Required action:
Write out again, please, the records below from the first line to the line holding "- net SEL_CM5: now also R1183.2", inclusive, and nothing else.

Input for this task: Begin

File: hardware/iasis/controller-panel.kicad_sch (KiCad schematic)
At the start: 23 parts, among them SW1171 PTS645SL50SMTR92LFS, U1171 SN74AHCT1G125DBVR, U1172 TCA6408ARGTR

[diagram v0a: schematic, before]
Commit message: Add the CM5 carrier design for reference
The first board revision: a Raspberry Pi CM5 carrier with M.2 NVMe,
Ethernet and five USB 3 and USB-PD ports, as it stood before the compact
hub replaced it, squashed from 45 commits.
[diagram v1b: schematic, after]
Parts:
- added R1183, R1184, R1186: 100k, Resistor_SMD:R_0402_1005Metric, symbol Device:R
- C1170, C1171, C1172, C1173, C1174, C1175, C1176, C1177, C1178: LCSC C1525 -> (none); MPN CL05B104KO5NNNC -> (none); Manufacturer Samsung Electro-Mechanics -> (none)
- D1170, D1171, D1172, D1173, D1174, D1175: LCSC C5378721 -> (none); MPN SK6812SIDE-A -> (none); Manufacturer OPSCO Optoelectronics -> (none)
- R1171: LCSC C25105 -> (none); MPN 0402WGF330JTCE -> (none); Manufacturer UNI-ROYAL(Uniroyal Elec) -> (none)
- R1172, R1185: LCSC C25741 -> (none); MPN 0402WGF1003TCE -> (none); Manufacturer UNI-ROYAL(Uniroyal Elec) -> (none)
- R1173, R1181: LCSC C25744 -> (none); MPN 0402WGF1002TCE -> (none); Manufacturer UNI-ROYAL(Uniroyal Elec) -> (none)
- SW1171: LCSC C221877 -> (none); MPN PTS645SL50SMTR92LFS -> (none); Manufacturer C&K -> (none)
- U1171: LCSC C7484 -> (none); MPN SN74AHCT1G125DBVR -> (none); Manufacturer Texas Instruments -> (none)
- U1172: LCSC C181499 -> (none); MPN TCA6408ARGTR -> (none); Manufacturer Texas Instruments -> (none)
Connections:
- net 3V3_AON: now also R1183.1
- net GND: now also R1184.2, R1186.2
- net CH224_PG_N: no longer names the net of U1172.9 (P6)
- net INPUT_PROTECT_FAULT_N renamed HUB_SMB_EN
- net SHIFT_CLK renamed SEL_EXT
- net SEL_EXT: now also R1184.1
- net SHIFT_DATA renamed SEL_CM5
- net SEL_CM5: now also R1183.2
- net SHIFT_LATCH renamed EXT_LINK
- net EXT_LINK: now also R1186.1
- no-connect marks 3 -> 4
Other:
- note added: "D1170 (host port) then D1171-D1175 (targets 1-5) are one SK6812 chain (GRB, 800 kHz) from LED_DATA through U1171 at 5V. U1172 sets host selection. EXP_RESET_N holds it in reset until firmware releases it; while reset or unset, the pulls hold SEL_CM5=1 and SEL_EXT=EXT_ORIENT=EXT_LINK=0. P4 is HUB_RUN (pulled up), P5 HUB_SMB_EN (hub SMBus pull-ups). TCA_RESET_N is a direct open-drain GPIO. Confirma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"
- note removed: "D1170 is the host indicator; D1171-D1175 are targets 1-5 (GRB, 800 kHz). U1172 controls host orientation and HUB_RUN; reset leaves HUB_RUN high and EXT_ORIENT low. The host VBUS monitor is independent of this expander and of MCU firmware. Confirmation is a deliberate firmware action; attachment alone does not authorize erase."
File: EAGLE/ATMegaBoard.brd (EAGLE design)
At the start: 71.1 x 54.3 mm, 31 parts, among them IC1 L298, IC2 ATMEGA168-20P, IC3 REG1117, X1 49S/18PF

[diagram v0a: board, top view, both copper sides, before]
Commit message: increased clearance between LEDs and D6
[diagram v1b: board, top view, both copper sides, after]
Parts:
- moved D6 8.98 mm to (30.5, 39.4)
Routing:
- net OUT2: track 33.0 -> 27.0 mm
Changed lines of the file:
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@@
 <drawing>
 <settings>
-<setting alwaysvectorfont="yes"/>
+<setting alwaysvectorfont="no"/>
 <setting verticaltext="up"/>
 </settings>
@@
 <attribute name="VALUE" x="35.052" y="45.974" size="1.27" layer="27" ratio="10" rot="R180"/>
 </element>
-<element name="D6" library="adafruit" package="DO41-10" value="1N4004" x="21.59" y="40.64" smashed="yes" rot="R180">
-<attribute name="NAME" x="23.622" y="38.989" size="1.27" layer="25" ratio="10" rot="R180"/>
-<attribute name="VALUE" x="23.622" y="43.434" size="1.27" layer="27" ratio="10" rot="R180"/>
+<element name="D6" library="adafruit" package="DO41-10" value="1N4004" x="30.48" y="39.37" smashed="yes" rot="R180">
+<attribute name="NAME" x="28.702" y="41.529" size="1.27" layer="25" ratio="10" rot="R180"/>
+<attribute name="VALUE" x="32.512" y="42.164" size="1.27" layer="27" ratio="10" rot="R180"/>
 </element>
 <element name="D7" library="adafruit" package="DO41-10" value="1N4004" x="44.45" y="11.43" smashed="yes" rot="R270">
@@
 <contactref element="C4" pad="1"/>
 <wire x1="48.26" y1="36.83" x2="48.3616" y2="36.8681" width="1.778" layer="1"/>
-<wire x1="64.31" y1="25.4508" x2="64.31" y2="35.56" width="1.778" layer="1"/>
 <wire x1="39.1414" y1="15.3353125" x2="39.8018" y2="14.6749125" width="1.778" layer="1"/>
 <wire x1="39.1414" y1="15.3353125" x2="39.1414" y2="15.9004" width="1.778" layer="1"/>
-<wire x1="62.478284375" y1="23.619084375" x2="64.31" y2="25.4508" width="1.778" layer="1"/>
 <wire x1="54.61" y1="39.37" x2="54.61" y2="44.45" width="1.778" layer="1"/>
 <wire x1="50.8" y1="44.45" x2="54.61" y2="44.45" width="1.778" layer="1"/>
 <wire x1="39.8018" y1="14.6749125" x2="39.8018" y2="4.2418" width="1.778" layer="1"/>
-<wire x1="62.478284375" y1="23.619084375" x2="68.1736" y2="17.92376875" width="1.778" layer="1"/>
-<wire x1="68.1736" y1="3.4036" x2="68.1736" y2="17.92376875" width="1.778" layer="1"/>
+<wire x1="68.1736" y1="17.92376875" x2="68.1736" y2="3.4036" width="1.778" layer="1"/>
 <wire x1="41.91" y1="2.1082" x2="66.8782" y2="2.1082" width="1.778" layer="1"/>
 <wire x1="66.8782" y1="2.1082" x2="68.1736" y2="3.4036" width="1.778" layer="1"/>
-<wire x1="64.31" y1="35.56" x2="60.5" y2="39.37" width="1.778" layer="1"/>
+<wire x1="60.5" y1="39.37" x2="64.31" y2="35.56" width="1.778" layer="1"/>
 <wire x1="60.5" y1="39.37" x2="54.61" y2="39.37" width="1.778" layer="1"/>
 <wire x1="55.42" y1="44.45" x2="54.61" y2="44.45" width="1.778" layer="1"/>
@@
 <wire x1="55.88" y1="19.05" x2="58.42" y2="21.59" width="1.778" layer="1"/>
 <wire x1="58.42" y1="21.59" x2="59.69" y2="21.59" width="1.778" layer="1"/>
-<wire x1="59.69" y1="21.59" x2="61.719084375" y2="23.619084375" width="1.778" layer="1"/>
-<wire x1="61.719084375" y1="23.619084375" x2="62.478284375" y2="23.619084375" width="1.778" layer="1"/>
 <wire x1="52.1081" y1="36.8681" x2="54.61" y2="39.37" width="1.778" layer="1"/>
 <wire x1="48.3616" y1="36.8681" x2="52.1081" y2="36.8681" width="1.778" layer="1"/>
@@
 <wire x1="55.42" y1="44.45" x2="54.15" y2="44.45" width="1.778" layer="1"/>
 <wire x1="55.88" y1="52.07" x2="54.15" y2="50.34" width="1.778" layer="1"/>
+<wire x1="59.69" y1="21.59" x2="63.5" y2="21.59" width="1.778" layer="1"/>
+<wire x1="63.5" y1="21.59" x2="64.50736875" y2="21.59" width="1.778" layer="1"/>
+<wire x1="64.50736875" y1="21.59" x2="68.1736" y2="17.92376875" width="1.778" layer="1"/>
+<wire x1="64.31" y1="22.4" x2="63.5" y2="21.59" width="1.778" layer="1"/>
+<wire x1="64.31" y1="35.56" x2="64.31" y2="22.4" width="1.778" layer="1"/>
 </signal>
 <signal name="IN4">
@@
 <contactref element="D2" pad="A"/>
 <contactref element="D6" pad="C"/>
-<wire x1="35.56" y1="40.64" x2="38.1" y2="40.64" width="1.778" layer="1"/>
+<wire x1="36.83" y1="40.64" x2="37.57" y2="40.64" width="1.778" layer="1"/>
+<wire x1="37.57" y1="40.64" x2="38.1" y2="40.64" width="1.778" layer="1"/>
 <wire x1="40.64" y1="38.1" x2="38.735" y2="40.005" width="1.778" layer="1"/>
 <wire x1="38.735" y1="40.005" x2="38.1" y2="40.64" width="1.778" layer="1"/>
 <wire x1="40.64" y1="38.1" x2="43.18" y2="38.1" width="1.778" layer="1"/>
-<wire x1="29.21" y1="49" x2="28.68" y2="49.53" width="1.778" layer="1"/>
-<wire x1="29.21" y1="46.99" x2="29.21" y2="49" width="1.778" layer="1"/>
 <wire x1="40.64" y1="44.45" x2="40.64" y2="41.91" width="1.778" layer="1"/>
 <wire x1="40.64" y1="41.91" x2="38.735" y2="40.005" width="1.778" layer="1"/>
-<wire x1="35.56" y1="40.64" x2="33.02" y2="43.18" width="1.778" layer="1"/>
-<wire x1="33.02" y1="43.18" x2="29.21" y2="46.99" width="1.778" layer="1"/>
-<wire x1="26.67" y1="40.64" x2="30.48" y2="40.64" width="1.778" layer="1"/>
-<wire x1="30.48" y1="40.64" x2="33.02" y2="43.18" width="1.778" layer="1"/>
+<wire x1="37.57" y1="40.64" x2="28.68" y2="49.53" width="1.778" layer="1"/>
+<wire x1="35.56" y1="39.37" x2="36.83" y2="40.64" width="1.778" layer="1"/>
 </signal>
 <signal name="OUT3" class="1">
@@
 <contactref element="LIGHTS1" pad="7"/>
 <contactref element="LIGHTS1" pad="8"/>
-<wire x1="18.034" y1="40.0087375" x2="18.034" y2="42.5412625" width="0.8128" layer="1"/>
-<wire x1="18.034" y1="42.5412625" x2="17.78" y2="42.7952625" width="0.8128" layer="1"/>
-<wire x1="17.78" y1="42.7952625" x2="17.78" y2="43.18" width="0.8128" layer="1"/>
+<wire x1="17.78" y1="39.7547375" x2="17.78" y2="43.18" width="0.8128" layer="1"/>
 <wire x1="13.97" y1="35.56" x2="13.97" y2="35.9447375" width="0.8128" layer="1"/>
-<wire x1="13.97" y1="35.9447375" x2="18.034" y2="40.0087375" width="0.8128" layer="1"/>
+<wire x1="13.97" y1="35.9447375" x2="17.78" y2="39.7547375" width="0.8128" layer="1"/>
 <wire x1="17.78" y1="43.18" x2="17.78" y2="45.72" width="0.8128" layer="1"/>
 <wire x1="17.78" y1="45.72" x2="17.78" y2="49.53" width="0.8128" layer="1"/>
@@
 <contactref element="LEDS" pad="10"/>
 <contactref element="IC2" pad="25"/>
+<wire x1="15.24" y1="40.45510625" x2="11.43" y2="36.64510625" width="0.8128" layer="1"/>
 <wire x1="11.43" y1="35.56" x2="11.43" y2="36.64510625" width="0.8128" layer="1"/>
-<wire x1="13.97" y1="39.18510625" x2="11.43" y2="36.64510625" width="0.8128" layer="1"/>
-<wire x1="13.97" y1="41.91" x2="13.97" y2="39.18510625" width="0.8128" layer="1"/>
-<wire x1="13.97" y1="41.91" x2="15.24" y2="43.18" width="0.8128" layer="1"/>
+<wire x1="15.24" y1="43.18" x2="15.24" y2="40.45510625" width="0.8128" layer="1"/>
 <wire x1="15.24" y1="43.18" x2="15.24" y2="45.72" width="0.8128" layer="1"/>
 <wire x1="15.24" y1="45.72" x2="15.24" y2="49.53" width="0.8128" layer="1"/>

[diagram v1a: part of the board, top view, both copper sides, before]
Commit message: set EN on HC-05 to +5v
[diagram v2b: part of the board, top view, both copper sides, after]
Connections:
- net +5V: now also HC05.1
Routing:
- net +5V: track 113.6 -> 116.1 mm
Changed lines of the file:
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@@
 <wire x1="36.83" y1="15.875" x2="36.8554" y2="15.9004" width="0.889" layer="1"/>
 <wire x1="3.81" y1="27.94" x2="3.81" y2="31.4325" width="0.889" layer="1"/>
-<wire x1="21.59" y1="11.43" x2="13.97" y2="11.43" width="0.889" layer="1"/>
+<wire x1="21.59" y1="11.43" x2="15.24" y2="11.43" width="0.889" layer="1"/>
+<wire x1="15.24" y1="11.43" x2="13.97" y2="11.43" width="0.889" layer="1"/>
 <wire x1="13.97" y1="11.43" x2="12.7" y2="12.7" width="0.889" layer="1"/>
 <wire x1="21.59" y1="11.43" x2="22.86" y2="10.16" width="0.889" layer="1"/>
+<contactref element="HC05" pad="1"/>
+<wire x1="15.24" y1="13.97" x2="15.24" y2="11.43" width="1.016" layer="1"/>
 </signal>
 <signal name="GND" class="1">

Input for this task: End

Solution to the problem:
File: hardware/iasis/controller-panel.kicad_sch (KiCad schematic)
At the start: 23 parts, among them SW1171 PTS645SL50SMTR92LFS, U1171 SN74AHCT1G125DBVR, U1172 TCA6408ARGTR

[diagram v0a: schematic, before]
Commit message: Add the CM5 carrier design for reference
The first board revision: a Raspberry Pi CM5 carrier with M.2 NVMe,
Ethernet and five USB 3 and USB-PD ports, as it stood before the compact
hub replaced it, squashed from 45 commits.
[diagram v1b: schematic, after]
Parts:
- added R1183, R1184, R1186: 100k, Resistor_SMD:R_0402_1005Metric, symbol Device:R
- C1170, C1171, C1172, C1173, C1174, C1175, C1176, C1177, C1178: LCSC C1525 -> (none); MPN CL05B104KO5NNNC -> (none); Manufacturer Samsung Electro-Mechanics -> (none)
- D1170, D1171, D1172, D1173, D1174, D1175: LCSC C5378721 -> (none); MPN SK6812SIDE-A -> (none); Manufacturer OPSCO Optoelectronics -> (none)
- R1171: LCSC C25105 -> (none); MPN 0402WGF330JTCE -> (none); Manufacturer UNI-ROYAL(Uniroyal Elec) -> (none)
- R1172, R1185: LCSC C25741 -> (none); MPN 0402WGF1003TCE -> (none); Manufacturer UNI-ROYAL(Uniroyal Elec) -> (none)
- R1173, R1181: LCSC C25744 -> (none); MPN 0402WGF1002TCE -> (none); Manufacturer UNI-ROYAL(Uniroyal Elec) -> (none)
- SW1171: LCSC C221877 -> (none); MPN PTS645SL50SMTR92LFS -> (none); Manufacturer C&K -> (none)
- U1171: LCSC C7484 -> (none); MPN SN74AHCT1G125DBVR -> (none); Manufacturer Texas Instruments -> (none)
- U1172: LCSC C181499 -> (none); MPN TCA6408ARGTR -> (none); Manufacturer Texas Instruments -> (none)
Connections:
- net 3V3_AON: now also R1183.1
- net GND: now also R1184.2, R1186.2
- net CH224_PG_N: no longer names the net of U1172.9 (P6)
- net INPUT_PROTECT_FAULT_N renamed HUB_SMB_EN
- net SHIFT_CLK renamed SEL_EXT
- net SEL_EXT: now also R1184.1
- net SHIFT_DATA renamed SEL_CM5
- net SEL_CM5: now also R1183.2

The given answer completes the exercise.